◆ PROBLEM DESCRIPTION:
Below are the records. Retype exactly the lines between the lines holding "#11,#12)) REPRESENTATION_CONTEXT('',''));" and "#19=CARTESIAN_POINT('',(6.,-30.6,-0.999999999999996));", inclusive.

### RECORD EXCERPTS

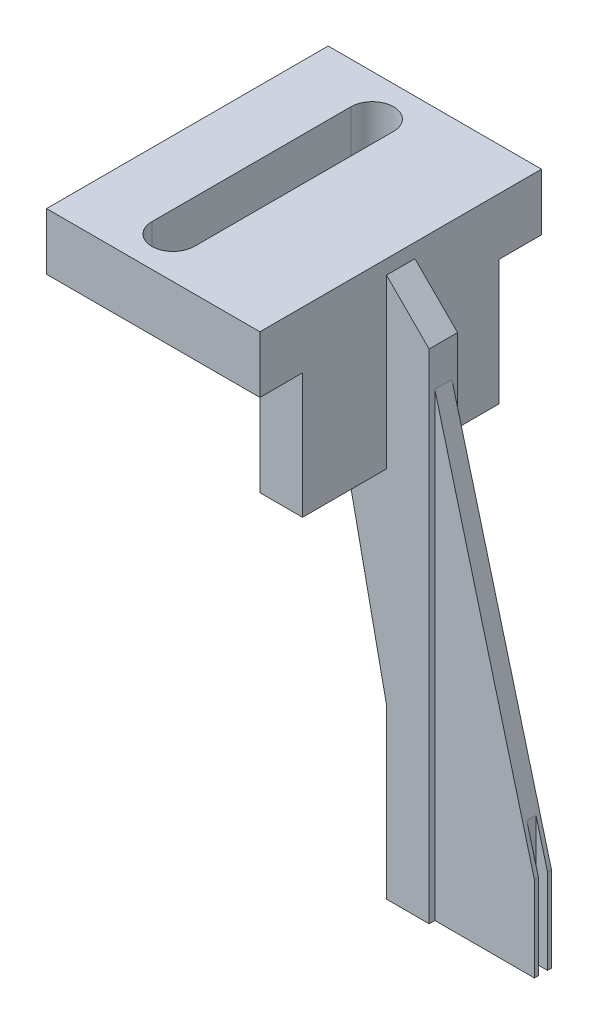
ISO-10303-21;
HEADER;
FILE_DESCRIPTION(('STEP AP214'),'2;1');
FILE_NAME('part.step','',(''),(''),'','','');
FILE_SCHEMA(('AUTOMOTIVE_DESIGN { 1 0 10303 214 1 1 1 1 }'));
ENDSEC;
DATA;
#1=APPLICATION_CONTEXT('core data for automotive mechanical design processes');
#2=APPLICATION_PROTOCOL_DEFINITION('international standard','automotive_design',2000,#1);
#3=PRODUCT_CONTEXT('',#1,'mechanical');
#4=PRODUCT('Part','Part','',(#3));
#5=PRODUCT_RELATED_PRODUCT_CATEGORY('part','',(#4));
#6=PRODUCT_DEFINITION_FORMATION('','',#4);
#7=PRODUCT_DEFINITION_CONTEXT('part definition',#1,'design');
#8=PRODUCT_DEFINITION('design','',#6,#7);
#9=PRODUCT_DEFINITION_SHAPE('','',#8);
#10=(LENGTH_UNIT() NAMED_UNIT(*) SI_UNIT(.MILLI.,.METRE.));
#11=(NAMED_UNIT(*) PLANE_ANGLE_UNIT() SI_UNIT($,.RADIAN.));
#12=(NAMED_UNIT(*) SI_UNIT($,.STERADIAN.) SOLID_ANGLE_UNIT());
#13=UNCERTAINTY_MEASURE_WITH_UNIT(LENGTH_MEASURE(1.E-05),#10,'distance_accuracy_value','');
#14=(GEOMETRIC_REPRESENTATION_CONTEXT(3) GLOBAL_UNCERTAINTY_ASSIGNED_CONTEXT((#13)) GLOBAL_UNIT_ASSIGNED_CONTEXT((#10,
#11,#12)) REPRESENTATION_CONTEXT('',''));
#15=CARTESIAN_POINT('',(0.,0.,0.));
#16=DIRECTION('',(0.,0.,1.));
#17=DIRECTION('',(1.,0.,0.));
#18=AXIS2_PLACEMENT_3D('',#15,#16,#17);
#19=CARTESIAN_POINT('',(6.,-30.6,-0.999999999999996));
#20=DIRECTION('',(0.,1.,0.));
#21=DIRECTION('',(0.,0.,1.));
#22=AXIS2_PLACEMENT_3D('',#19,#20,#21);
#23=PLANE('',#22);
#24=DIRECTION('',(0.,0.,-1.));
#25=VECTOR('',#24,1.);
#26=CARTESIAN_POINT('',(3.,-30.6,-0.999999999999996));
#27=LINE('',#26,#25);
#28=CARTESIAN_POINT('',(3.,-30.6,0.999999999999996));
#29=VERTEX_POINT('',#28);
#30=CARTESIAN_POINT('',(3.,-30.6,0.320000000000001));
#31=VERTEX_POINT('',#30);
#32=EDGE_CURVE('E274',#29,#31,#27,.T.);
#33=ORIENTED_EDGE('',*,*,#32,.T.);
#34=DIRECTION('',(1.,0.,0.));
#35=VECTOR('',#34,1.);
#36=CARTESIAN_POINT('',(6.,-30.6,0.320000000000002));
#37=LINE('',#36,#35);
#38=CARTESIAN_POINT('',(13.,-30.6,0.320000000000001));
#39=VERTEX_POINT('',#38);
#40=EDGE_CURVE('E255',#31,#39,#37,.T.);
#41=ORIENTED_EDGE('',*,*,#40,.T.);
#42=DIRECTION('',(0.,0.,-1.));
#43=VECTOR('',#42,1.);
#44=CARTESIAN_POINT('',(13.,-30.6,0.600000000000001));
#45=LINE('',#44,#43);
#46=CARTESIAN_POINT('',(13.,-30.6,0.600000000000001));
#47=VERTEX_POINT('',#46);
#48=EDGE_CURVE('E437',#47,#39,#45,.T.);
#49=ORIENTED_EDGE('',*,*,#48,.F.);
#50=DIRECTION('',(-1.,0.,0.));
#51=VECTOR('',#50,1.);
#52=CARTESIAN_POINT('',(13.,-30.6,0.600000000000001));
#53=LINE('',#52,#51);
#54=CARTESIAN_POINT('',(6.,-30.6,0.6));
#55=VERTEX_POINT('',#54);
#56=EDGE_CURVE('E402',#47,#55,#53,.T.);
#57=ORIENTED_EDGE('',*,*,#56,.T.);
#58=DIRECTION('',(0.,0.,-1.));
#59=VECTOR('',#58,1.);
#60=CARTESIAN_POINT('',(6.,-30.6,-0.999999999999996));
#61=LINE('',#60,#59);
#62=CARTESIAN_POINT('',(6.,-30.6,0.999999999999996));
#63=VERTEX_POINT('',#62);
#64=EDGE_CURVE('E290',#63,#55,#61,.T.);
#65=ORIENTED_EDGE('',*,*,#64,.F.);
#66=DIRECTION('',(-1.,0.,0.));
#67=VECTOR('',#66,1.);
#68=CARTESIAN_POINT('',(6.,-30.6,0.999999999999996));
#69=LINE('',#68,#67);
#70=EDGE_CURVE('E289',#63,#29,#69,.T.);
#71=ORIENTED_EDGE('',*,*,#70,.T.);
#72=EDGE_LOOP('',(#33,#41,#49,#57,#65,#71));
#73=FACE_BOUND('',#72,.T.);
#74=ADVANCED_FACE('F45',(#73),#23,.F.);
#75=CARTESIAN_POINT('',(13.,0.,0.));
#76=DIRECTION('',(-1.,0.,0.));
#77=DIRECTION('',(0.,0.,1.));
#78=AXIS2_PLACEMENT_3D('',#75,#76,#77);
#79=PLANE('',#78);
#80=DIRECTION('',(0.,0.,1.));
#81=VECTOR('',#80,1.);
#82=CARTESIAN_POINT('',(13.,-24.6,0.599999999999999));
#83=LINE('',#82,#81);
#84=CARTESIAN_POINT('',(13.,-24.6,-0.600000000000001));
#85=VERTEX_POINT('',#84);
#86=CARTESIAN_POINT('',(13.,-24.5999999999998,-0.320000000000001));
#87=VERTEX_POINT('',#86);
#88=EDGE_CURVE('E417',#85,#87,#83,.T.);
#89=ORIENTED_EDGE('',*,*,#88,.T.);
#90=DIRECTION('',(0.,-1.,0.));
#91=VECTOR('',#90,1.);
#92=CARTESIAN_POINT('',(13.,8.4,-0.320000000000001));
#93=LINE('',#92,#91);
#94=CARTESIAN_POINT('',(13.,-30.6,-0.320000000000001));
#95=VERTEX_POINT('',#94);
#96=EDGE_CURVE('E548',#87,#95,#93,.T.);
#97=ORIENTED_EDGE('',*,*,#96,.T.);
#98=CARTESIAN_POINT('',(13.,-30.6,-0.600000000000001));
#99=VERTEX_POINT('',#98);
#100=EDGE_CURVE('E252',#95,#99,#45,.T.);
#101=ORIENTED_EDGE('',*,*,#100,.T.);
#102=DIRECTION('',(0.,1.,0.));
#103=VECTOR('',#102,1.);
#104=CARTESIAN_POINT('',(13.,-30.6,-0.600000000000001));
#105=LINE('',#104,#103);
#106=EDGE_CURVE('E433',#99,#85,#105,.T.);
#107=ORIENTED_EDGE('',*,*,#106,.T.);
#108=EDGE_LOOP('',(#89,#97,#101,#107));
#109=FACE_BOUND('',#108,.T.);
#110=ADVANCED_FACE('F584',(#109),#79,.F.);
#111=CARTESIAN_POINT('',(3.,-4.4,6.9));
#112=DIRECTION('',(0.,0.,-1.));
#113=DIRECTION('',(-1.,0.,0.));
#114=AXIS2_PLACEMENT_3D('',#111,#112,#113);
#115=PLANE('',#114);
#116=DIRECTION('',(1.,0.,0.));
#117=VECTOR('',#116,1.);
#118=CARTESIAN_POINT('',(-12.,4.4,6.9));
#119=LINE('',#118,#117);
#120=CARTESIAN_POINT('',(0.,4.4,6.9));
#121=VERTEX_POINT('',#120);
#122=CARTESIAN_POINT('',(3.,4.4,6.9));
#123=VERTEX_POINT('',#122);
#124=EDGE_CURVE('E350',#121,#123,#119,.T.);
#125=ORIENTED_EDGE('',*,*,#124,.F.);
#126=DIRECTION('',(0.,-1.,0.));
#127=VECTOR('',#126,1.);
#128=CARTESIAN_POINT('',(0.,-4.4,6.9));
#129=LINE('',#128,#127);
#130=CARTESIAN_POINT('',(0.,-4.4,6.9));
#131=VERTEX_POINT('',#130);
#132=EDGE_CURVE('E316',#121,#131,#129,.T.);
#133=ORIENTED_EDGE('',*,*,#132,.T.);
#134=DIRECTION('',(-1.,0.,0.));
#135=VECTOR('',#134,1.);
#136=CARTESIAN_POINT('',(3.,-4.4,6.9));
#137=LINE('',#136,#135);
#138=CARTESIAN_POINT('',(3.,-4.4,6.9));
#139=VERTEX_POINT('',#138);
#140=EDGE_CURVE('E327',#139,#131,#137,.T.);
#141=ORIENTED_EDGE('',*,*,#140,.F.);
#142=DIRECTION('',(0.,-1.,0.));
#143=VECTOR('',#142,1.);
#144=CARTESIAN_POINT('',(3.,-4.4,6.9));
#145=LINE('',#144,#143);
#146=EDGE_CURVE('E299',#123,#139,#145,.T.);
#147=ORIENTED_EDGE('',*,*,#146,.F.);
#148=EDGE_LOOP('',(#125,#133,#141,#147));
#149=FACE_BOUND('',#148,.T.);
#150=ADVANCED_FACE('F616',(#149),#115,.F.);
#151=CARTESIAN_POINT('',(3.,-4.4,-6.9));
#152=DIRECTION('',(0.,0.,1.));
#153=DIRECTION('',(1.,0.,0.));
#154=AXIS2_PLACEMENT_3D('',#151,#152,#153);
#155=PLANE('',#154);
#156=DIRECTION('',(-1.,0.,0.));
#157=VECTOR('',#156,1.);
#158=CARTESIAN_POINT('',(-12.,4.4,-6.9));
#159=LINE('',#158,#157);
#160=CARTESIAN_POINT('',(3.,4.4,-6.9));
#161=VERTEX_POINT('',#160);
#162=CARTESIAN_POINT('',(0.,4.4,-6.9));
#163=VERTEX_POINT('',#162);
#164=EDGE_CURVE('E478',#161,#163,#159,.T.);
#165=ORIENTED_EDGE('',*,*,#164,.F.);
#166=DIRECTION('',(0.,1.,0.));
#167=VECTOR('',#166,1.);
#168=CARTESIAN_POINT('',(3.,-4.4,-6.9));
#169=LINE('',#168,#167);
#170=CARTESIAN_POINT('',(3.,-4.4,-6.9));
#171=VERTEX_POINT('',#170);
#172=EDGE_CURVE('E295',#171,#161,#169,.T.);
#173=ORIENTED_EDGE('',*,*,#172,.F.);
#174=DIRECTION('',(-1.,0.,0.));
#175=VECTOR('',#174,1.);
#176=CARTESIAN_POINT('',(3.,-4.4,-6.9));
#177=LINE('',#176,#175);
#178=CARTESIAN_POINT('',(0.,-4.4,-6.9));
#179=VERTEX_POINT('',#178);
#180=EDGE_CURVE('E308',#171,#179,#177,.T.);
#181=ORIENTED_EDGE('',*,*,#180,.T.);
#182=DIRECTION('',(0.,1.,0.));
#183=VECTOR('',#182,1.);
#184=CARTESIAN_POINT('',(0.,-4.4,-6.9));
#185=LINE('',#184,#183);
#186=EDGE_CURVE('E294',#179,#163,#185,.T.);
#187=ORIENTED_EDGE('',*,*,#186,.T.);
#188=EDGE_LOOP('',(#165,#173,#181,#187));
#189=FACE_BOUND('',#188,.T.);
#190=ADVANCED_FACE('F648',(#189),#155,.F.);
#191=CARTESIAN_POINT('',(6.,0.,0.));
#192=DIRECTION('',(-1.,0.,0.));
#193=DIRECTION('',(0.,0.,1.));
#194=AXIS2_PLACEMENT_3D('',#191,#192,#193);
#195=PLANE('',#194);
#196=DIRECTION('',(0.,0.,-1.));
#197=VECTOR('',#196,1.);
#198=CARTESIAN_POINT('',(6.,1.74252104122274,27.8567132062408));
#199=LINE('',#198,#197);
#200=CARTESIAN_POINT('',(6.,1.74252104122274,0.599999999999987));
#201=VERTEX_POINT('',#200);
#202=CARTESIAN_POINT('',(6.,1.74252104122274,-0.600000000000001));
#203=VERTEX_POINT('',#202);
#204=EDGE_CURVE('E465',#201,#203,#199,.T.);
#205=ORIENTED_EDGE('',*,*,#204,.T.);
#206=DIRECTION('',(0.,1.,0.));
#207=VECTOR('',#206,1.);
#208=CARTESIAN_POINT('',(6.,-30.6,-0.600000000000001));
#209=LINE('',#208,#207);
#210=CARTESIAN_POINT('',(6.,-30.6,-0.600000000000001));
#211=VERTEX_POINT('',#210);
#212=EDGE_CURVE('E425',#211,#203,#209,.T.);
#213=ORIENTED_EDGE('',*,*,#212,.F.);
#214=CARTESIAN_POINT('',(6.,-30.6,-0.999999999999996));
#215=VERTEX_POINT('',#214);
#216=EDGE_CURVE('E387',#211,#215,#61,.T.);
#217=ORIENTED_EDGE('',*,*,#216,.T.);
#218=DIRECTION('',(0.,1.,0.));
#219=VECTOR('',#218,1.);
#220=CARTESIAN_POINT('',(6.,4.4,-1.));
#221=LINE('',#220,#219);
#222=CARTESIAN_POINT('',(6.,4.4,-1.));
#223=VERTEX_POINT('',#222);
#224=EDGE_CURVE('E280',#215,#223,#221,.T.);
#225=ORIENTED_EDGE('',*,*,#224,.T.);
#226=DIRECTION('',(0.,0.,1.));
#227=VECTOR('',#226,1.);
#228=CARTESIAN_POINT('',(6.,4.4,-1.));
#229=LINE('',#228,#227);
#230=CARTESIAN_POINT('',(6.,4.4,1.));
#231=VERTEX_POINT('',#230);
#232=EDGE_CURVE('E392',#223,#231,#229,.T.);
#233=ORIENTED_EDGE('',*,*,#232,.T.);
#234=DIRECTION('',(0.,-1.,0.));
#235=VECTOR('',#234,1.);
#236=CARTESIAN_POINT('',(6.,4.4,1.));
#237=LINE('',#236,#235);
#238=EDGE_CURVE('E390',#231,#63,#237,.T.);
#239=ORIENTED_EDGE('',*,*,#238,.T.);
#240=ORIENTED_EDGE('',*,*,#64,.T.);
#241=DIRECTION('',(0.,-1.,0.));
#242=VECTOR('',#241,1.);
#243=CARTESIAN_POINT('',(6.,-30.6,0.600000000000001));
#244=LINE('',#243,#242);
#245=EDGE_CURVE('E429',#201,#55,#244,.T.);
#246=ORIENTED_EDGE('',*,*,#245,.F.);
#247=EDGE_LOOP('',(#205,#213,#217,#225,#233,#239,#240,#246));
#248=FACE_BOUND('',#247,.T.);
#249=ADVANCED_FACE('F588',(#248),#195,.F.);
#250=CARTESIAN_POINT('',(3.,-4.4,6.9));
#251=DIRECTION('',(0.,1.,0.));
#252=DIRECTION('',(0.,0.,1.));
#253=AXIS2_PLACEMENT_3D('',#250,#251,#252);
#254=PLANE('',#253);
#255=DIRECTION('',(0.,0.,-1.));
#256=VECTOR('',#255,1.);
#257=CARTESIAN_POINT('',(3.,-4.4,6.9));
#258=LINE('',#257,#256);
#259=CARTESIAN_POINT('',(3.,-4.4,-0.999999999999994));
#260=VERTEX_POINT('',#259);
#261=EDGE_CURVE('E303',#260,#171,#258,.T.);
#262=ORIENTED_EDGE('',*,*,#261,.F.);
#263=DIRECTION('',(-1.,0.,0.));
#264=VECTOR('',#263,1.);
#265=CARTESIAN_POINT('',(6.,-4.4,-0.999999999999999));
#266=LINE('',#265,#264);
#267=CARTESIAN_POINT('',(0.,-4.4,-0.999999999999999));
#268=VERTEX_POINT('',#267);
#269=EDGE_CURVE('E335',#260,#268,#266,.T.);
#270=ORIENTED_EDGE('',*,*,#269,.T.);
#271=DIRECTION('',(0.,0.,-1.));
#272=VECTOR('',#271,1.);
#273=CARTESIAN_POINT('',(0.,-4.4,6.9));
#274=LINE('',#273,#272);
#275=EDGE_CURVE('E319',#268,#179,#274,.T.);
#276=ORIENTED_EDGE('',*,*,#275,.T.);
#277=ORIENTED_EDGE('',*,*,#180,.F.);
#278=EDGE_LOOP('',(#262,#270,#276,#277));
#279=FACE_BOUND('',#278,.T.);
#280=ADVANCED_FACE('F638',(#279),#254,.F.);
#281=CARTESIAN_POINT('',(3.,0.,0.));
#282=DIRECTION('',(-1.,0.,0.));
#283=DIRECTION('',(0.,0.,1.));
#284=AXIS2_PLACEMENT_3D('',#281,#282,#283);
#285=PLANE('',#284);
#286=DIRECTION('',(0.,0.,-1.));
#287=VECTOR('',#286,1.);
#288=CARTESIAN_POINT('',(3.,7.40000000000002,-0.999999999999994));
#289=LINE('',#288,#287);
#290=CARTESIAN_POINT('',(3.,7.40000000000002,1.));
#291=VERTEX_POINT('',#290);
#292=CARTESIAN_POINT('',(3.,7.40000000000002,-1.));
#293=VERTEX_POINT('',#292);
#294=EDGE_CURVE('E339',#291,#293,#289,.T.);
#295=ORIENTED_EDGE('',*,*,#294,.T.);
#296=DIRECTION('',(0.,1.,0.));
#297=VECTOR('',#296,1.);
#298=CARTESIAN_POINT('',(3.,4.4,-1.));
#299=LINE('',#298,#297);
#300=EDGE_CURVE('E331',#260,#293,#299,.T.);
#301=ORIENTED_EDGE('',*,*,#300,.F.);
#302=ORIENTED_EDGE('',*,*,#261,.T.);
#303=ORIENTED_EDGE('',*,*,#172,.T.);
#304=DIRECTION('',(0.,0.,1.));
#305=VECTOR('',#304,1.);
#306=CARTESIAN_POINT('',(3.,4.4,-9.9));
#307=LINE('',#306,#305);
#308=CARTESIAN_POINT('',(3.,4.4,-9.9));
#309=VERTEX_POINT('',#308);
#310=EDGE_CURVE('E473',#309,#161,#307,.T.);
#311=ORIENTED_EDGE('',*,*,#310,.F.);
#312=DIRECTION('',(0.,-1.,0.));
#313=VECTOR('',#312,1.);
#314=CARTESIAN_POINT('',(3.,8.4,-9.9));
#315=LINE('',#314,#313);
#316=CARTESIAN_POINT('',(3.,8.4,-9.9));
#317=VERTEX_POINT('',#316);
#318=EDGE_CURVE('E487',#317,#309,#315,.T.);
#319=ORIENTED_EDGE('',*,*,#318,.F.);
#320=DIRECTION('',(0.,0.,-1.));
#321=VECTOR('',#320,1.);
#322=CARTESIAN_POINT('',(3.,8.4,6.9));
#323=LINE('',#322,#321);
#324=CARTESIAN_POINT('',(3.,8.4,9.9));
#325=VERTEX_POINT('',#324);
#326=EDGE_CURVE('E447',#325,#317,#323,.T.);
#327=ORIENTED_EDGE('',*,*,#326,.F.);
#328=DIRECTION('',(0.,1.,0.));
#329=VECTOR('',#328,1.);
#330=CARTESIAN_POINT('',(3.,8.4,9.9));
#331=LINE('',#330,#329);
#332=CARTESIAN_POINT('',(3.,4.4,9.9));
#333=VERTEX_POINT('',#332);
#334=EDGE_CURVE('E504',#333,#325,#331,.T.);
#335=ORIENTED_EDGE('',*,*,#334,.F.);
#336=DIRECTION('',(0.,0.,-1.));
#337=VECTOR('',#336,1.);
#338=CARTESIAN_POINT('',(3.,4.4,9.9));
#339=LINE('',#338,#337);
#340=EDGE_CURVE('E483',#333,#123,#339,.T.);
#341=ORIENTED_EDGE('',*,*,#340,.T.);
#342=ORIENTED_EDGE('',*,*,#146,.T.);
#343=CARTESIAN_POINT('',(3.,-4.4,0.999999999999999));
#344=VERTEX_POINT('',#343);
#345=EDGE_CURVE('E304',#139,#344,#258,.T.);
#346=ORIENTED_EDGE('',*,*,#345,.T.);
#347=DIRECTION('',(0.,-1.,0.));
#348=VECTOR('',#347,1.);
#349=CARTESIAN_POINT('',(3.,4.4,1.));
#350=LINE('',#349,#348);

######

◆ SOLUTION FOR THIS EXERCISE:
#11,#12)) REPRESENTATION_CONTEXT('',''));
#15=CARTESIAN_POINT('',(0.,0.,0.));
#16=DIRECTION('',(0.,0.,1.));
#17=DIRECTION('',(1.,0.,0.));
#18=AXIS2_PLACEMENT_3D('',#15,#16,#17);
#19=CARTESIAN_POINT('',(6.,-30.6,-0.999999999999996));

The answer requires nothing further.